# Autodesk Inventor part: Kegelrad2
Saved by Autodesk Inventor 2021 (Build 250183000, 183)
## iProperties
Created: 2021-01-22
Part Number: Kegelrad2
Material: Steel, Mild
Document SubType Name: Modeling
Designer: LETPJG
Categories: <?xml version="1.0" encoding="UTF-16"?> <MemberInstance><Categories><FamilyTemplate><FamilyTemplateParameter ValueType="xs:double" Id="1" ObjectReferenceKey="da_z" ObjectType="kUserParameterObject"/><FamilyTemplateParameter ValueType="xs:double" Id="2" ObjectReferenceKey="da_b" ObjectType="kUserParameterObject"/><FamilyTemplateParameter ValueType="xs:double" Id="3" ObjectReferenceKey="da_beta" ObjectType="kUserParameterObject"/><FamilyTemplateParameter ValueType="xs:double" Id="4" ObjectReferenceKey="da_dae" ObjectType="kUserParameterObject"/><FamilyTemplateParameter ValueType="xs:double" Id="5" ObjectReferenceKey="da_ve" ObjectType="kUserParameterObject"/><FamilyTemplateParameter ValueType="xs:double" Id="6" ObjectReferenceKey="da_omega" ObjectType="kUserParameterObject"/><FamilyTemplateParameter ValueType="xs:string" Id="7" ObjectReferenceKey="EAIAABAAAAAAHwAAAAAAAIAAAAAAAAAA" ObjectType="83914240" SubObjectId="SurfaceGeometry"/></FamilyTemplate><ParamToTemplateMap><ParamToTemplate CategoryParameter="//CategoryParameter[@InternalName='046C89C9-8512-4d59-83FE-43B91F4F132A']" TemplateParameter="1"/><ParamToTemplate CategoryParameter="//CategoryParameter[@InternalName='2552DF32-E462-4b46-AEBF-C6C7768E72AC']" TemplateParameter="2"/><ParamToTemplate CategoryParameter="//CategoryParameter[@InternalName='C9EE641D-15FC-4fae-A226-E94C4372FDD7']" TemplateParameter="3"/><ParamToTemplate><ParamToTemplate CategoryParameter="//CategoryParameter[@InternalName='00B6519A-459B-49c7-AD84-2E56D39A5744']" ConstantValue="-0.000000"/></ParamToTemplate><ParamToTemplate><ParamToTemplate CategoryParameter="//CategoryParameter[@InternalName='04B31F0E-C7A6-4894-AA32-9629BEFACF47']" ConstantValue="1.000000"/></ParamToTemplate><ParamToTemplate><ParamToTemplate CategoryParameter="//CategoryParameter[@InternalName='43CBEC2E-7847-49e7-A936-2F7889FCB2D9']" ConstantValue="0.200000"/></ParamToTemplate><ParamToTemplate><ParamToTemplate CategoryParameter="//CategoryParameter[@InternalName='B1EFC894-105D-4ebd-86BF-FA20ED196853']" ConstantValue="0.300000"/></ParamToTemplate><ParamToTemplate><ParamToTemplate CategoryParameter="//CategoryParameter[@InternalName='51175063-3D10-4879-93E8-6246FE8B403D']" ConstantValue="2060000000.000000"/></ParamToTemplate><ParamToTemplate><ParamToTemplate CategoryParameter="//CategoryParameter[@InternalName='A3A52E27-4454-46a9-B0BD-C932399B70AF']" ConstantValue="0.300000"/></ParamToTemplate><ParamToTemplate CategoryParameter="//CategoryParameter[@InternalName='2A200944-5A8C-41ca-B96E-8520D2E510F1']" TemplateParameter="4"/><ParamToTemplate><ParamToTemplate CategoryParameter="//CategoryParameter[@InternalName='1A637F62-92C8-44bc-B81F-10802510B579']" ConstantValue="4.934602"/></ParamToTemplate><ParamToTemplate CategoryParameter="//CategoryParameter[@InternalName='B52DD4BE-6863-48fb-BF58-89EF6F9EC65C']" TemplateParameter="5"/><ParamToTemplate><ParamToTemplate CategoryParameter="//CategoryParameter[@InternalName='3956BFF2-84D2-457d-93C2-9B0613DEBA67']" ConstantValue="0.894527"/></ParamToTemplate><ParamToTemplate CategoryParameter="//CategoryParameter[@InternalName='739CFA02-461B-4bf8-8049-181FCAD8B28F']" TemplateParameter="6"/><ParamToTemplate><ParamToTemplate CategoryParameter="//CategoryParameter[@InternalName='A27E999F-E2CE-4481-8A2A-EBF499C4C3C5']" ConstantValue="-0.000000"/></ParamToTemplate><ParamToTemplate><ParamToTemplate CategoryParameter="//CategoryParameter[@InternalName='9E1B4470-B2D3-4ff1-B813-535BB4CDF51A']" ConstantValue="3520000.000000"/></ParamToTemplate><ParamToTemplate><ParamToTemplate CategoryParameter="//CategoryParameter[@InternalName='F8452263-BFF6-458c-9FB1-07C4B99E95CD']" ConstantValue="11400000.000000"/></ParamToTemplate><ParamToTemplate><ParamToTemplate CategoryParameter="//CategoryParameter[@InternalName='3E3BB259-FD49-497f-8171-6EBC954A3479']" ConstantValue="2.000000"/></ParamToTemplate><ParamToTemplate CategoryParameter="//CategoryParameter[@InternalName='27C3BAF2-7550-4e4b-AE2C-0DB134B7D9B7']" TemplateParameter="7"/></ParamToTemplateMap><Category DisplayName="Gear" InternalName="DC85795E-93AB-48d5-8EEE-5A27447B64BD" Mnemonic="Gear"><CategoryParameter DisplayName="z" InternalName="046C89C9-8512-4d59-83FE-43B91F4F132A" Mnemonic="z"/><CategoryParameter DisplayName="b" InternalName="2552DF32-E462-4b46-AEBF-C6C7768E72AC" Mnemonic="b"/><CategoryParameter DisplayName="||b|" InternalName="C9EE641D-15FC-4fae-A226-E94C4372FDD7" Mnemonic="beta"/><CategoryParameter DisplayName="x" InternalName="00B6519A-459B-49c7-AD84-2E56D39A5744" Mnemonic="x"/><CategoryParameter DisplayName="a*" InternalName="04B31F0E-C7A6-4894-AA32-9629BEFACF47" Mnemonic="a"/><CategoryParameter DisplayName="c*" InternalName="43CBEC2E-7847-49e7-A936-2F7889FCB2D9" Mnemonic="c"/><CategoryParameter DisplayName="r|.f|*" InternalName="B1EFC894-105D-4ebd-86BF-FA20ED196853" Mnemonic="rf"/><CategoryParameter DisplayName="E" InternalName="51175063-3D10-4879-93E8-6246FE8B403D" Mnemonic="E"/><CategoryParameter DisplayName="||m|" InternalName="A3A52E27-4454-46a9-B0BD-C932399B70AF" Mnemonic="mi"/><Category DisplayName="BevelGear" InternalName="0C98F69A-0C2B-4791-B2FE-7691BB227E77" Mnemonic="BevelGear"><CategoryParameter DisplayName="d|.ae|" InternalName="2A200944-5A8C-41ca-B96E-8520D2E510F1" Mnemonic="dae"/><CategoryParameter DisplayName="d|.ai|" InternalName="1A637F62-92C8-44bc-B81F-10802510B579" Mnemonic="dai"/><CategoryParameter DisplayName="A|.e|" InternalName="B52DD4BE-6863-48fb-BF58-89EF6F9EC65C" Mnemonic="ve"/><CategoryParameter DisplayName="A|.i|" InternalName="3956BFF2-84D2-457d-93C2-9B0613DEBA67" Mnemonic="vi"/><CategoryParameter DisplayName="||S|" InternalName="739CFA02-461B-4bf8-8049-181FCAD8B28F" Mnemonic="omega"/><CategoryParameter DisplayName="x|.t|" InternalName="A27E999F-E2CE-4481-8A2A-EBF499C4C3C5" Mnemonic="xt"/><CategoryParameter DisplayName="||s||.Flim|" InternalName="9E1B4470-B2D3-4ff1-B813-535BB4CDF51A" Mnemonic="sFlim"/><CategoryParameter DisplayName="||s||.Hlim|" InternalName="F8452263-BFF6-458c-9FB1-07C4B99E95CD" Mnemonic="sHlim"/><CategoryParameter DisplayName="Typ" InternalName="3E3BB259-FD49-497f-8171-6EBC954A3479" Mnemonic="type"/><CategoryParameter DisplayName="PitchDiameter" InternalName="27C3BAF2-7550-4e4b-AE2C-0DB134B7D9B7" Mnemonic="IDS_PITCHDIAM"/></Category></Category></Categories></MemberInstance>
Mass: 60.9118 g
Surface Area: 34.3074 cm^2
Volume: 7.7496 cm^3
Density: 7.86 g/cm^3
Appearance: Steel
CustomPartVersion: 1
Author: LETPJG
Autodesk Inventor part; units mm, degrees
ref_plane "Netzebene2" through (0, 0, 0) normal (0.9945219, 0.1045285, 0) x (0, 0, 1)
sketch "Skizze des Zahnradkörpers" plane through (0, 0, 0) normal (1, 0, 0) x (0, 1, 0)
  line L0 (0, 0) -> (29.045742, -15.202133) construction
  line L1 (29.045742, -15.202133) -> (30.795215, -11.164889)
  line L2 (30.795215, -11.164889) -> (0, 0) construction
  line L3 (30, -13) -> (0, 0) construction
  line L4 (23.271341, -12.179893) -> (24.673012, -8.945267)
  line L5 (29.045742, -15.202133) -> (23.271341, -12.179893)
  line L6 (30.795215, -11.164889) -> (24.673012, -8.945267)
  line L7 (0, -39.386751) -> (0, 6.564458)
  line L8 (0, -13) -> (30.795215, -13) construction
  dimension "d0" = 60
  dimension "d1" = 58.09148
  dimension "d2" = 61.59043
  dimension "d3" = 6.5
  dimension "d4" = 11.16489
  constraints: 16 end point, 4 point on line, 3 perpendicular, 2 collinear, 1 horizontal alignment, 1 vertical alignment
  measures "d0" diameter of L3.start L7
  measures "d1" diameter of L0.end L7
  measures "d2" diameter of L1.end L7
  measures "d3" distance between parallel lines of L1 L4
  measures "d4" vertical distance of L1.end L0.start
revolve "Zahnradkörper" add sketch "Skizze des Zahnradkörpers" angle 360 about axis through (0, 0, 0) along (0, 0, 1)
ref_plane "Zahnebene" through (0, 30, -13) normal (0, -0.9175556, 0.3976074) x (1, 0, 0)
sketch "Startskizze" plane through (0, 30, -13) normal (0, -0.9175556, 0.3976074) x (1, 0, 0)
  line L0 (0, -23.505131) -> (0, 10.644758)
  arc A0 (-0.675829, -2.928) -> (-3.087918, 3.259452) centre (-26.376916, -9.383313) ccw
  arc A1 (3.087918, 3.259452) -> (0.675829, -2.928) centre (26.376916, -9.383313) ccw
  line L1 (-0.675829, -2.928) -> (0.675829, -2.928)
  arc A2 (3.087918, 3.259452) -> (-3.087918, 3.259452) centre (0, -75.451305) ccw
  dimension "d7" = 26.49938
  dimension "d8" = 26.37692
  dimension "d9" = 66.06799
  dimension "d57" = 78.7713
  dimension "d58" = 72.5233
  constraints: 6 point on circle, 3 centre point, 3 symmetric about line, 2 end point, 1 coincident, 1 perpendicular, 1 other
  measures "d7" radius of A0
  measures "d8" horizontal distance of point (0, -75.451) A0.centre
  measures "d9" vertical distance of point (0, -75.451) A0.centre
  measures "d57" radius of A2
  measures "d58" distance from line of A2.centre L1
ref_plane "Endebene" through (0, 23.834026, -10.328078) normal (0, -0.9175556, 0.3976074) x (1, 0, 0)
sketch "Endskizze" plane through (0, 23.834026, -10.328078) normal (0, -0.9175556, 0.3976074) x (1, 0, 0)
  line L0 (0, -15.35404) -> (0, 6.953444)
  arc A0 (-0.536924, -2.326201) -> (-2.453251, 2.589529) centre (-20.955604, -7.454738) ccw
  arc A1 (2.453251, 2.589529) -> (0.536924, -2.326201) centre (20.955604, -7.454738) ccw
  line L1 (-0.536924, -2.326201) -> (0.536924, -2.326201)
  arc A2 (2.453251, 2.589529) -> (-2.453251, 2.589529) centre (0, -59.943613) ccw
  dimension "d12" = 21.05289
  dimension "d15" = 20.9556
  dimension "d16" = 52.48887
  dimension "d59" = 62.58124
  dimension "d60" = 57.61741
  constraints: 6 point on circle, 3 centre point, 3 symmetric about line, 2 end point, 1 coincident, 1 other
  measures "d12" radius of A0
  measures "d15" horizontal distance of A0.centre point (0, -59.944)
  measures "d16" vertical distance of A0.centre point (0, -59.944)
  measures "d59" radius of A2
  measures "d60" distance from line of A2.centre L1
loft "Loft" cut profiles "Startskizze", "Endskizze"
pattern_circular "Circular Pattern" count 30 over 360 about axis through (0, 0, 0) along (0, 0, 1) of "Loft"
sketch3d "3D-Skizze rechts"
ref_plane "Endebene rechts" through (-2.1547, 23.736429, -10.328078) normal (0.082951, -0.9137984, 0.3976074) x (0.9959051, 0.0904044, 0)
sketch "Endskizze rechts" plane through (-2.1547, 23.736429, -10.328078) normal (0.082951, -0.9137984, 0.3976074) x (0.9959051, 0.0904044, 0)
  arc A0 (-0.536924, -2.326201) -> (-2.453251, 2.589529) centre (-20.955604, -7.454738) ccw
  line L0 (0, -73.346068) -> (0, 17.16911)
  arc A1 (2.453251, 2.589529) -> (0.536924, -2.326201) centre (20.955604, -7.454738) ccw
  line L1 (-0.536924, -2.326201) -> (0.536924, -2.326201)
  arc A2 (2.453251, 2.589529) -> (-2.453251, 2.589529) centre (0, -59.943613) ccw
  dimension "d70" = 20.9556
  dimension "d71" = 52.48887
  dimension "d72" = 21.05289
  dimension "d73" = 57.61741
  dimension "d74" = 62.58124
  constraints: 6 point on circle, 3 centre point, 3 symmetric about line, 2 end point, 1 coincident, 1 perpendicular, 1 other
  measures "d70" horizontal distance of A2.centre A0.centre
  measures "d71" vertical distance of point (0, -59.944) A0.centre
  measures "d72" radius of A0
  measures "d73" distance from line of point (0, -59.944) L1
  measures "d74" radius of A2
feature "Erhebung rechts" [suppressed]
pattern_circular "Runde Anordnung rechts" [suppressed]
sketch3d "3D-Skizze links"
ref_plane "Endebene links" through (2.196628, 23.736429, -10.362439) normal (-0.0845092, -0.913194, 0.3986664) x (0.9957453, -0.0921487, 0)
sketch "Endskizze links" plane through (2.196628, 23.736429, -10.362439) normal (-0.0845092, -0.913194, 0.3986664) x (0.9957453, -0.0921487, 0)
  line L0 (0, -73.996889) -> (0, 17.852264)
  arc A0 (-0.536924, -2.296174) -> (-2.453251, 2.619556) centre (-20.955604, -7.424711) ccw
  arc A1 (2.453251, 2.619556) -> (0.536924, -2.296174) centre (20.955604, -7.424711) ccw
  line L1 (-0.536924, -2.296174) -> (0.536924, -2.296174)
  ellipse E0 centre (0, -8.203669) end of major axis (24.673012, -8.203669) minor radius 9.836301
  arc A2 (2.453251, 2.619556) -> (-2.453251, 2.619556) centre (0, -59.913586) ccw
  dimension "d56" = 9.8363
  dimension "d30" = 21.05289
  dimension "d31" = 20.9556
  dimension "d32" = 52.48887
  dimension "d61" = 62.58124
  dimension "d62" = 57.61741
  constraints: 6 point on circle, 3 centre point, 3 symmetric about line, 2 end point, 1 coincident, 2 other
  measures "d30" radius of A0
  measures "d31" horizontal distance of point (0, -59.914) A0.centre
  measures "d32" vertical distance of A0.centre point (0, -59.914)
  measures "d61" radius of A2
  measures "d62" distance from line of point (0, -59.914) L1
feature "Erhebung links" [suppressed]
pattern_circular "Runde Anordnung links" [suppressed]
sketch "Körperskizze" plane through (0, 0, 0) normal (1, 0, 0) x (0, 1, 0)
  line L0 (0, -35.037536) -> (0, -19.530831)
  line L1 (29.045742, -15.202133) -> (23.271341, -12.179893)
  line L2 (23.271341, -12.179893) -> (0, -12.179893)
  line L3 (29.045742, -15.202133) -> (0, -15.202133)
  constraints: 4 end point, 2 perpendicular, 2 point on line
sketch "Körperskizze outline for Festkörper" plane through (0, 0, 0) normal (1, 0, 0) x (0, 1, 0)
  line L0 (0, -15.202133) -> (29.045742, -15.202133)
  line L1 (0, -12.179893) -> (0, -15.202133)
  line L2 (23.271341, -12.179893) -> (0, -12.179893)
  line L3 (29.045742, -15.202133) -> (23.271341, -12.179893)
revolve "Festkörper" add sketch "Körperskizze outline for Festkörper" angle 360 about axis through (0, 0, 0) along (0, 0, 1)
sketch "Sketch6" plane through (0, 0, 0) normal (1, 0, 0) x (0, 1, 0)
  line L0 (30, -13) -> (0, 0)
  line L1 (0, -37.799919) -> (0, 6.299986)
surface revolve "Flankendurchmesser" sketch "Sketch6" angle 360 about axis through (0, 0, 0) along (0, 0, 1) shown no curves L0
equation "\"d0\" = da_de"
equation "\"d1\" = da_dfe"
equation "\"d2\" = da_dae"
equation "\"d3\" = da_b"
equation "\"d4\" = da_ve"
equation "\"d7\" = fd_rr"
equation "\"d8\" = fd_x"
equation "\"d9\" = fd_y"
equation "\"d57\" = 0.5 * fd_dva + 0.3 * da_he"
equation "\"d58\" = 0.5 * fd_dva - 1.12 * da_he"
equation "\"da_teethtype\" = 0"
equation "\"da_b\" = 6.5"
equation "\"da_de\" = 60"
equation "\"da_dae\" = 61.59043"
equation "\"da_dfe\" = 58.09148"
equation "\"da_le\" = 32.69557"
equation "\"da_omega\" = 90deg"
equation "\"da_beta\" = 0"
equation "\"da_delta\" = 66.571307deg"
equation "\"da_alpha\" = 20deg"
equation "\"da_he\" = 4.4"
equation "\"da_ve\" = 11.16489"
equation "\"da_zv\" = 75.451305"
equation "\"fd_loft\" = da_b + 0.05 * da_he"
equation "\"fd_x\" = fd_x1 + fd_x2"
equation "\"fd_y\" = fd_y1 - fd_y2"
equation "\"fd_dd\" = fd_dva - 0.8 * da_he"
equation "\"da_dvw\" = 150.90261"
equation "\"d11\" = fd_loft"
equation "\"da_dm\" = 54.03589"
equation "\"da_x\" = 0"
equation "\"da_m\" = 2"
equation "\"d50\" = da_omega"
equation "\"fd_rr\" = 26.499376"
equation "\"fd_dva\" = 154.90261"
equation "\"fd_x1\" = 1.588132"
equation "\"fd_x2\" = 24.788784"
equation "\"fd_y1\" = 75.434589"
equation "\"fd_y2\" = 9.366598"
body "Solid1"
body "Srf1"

**********

__Task directions__:
All lines above containing the string "radius" are to be collected.

__Answer section__:
  measures "d7" radius of A0
  measures "d57" radius of A2
  measures "d12" radius of A0
  measures "d59" radius of A2
  measures "d72" radius of A0
  measures "d74" radius of A2
  ellipse E0 centre (0, -8.203669) end of major axis (24.673012, -8.203669) minor radius 9.836301
  measures "d30" radius of A0
  measures "d61" radius of A2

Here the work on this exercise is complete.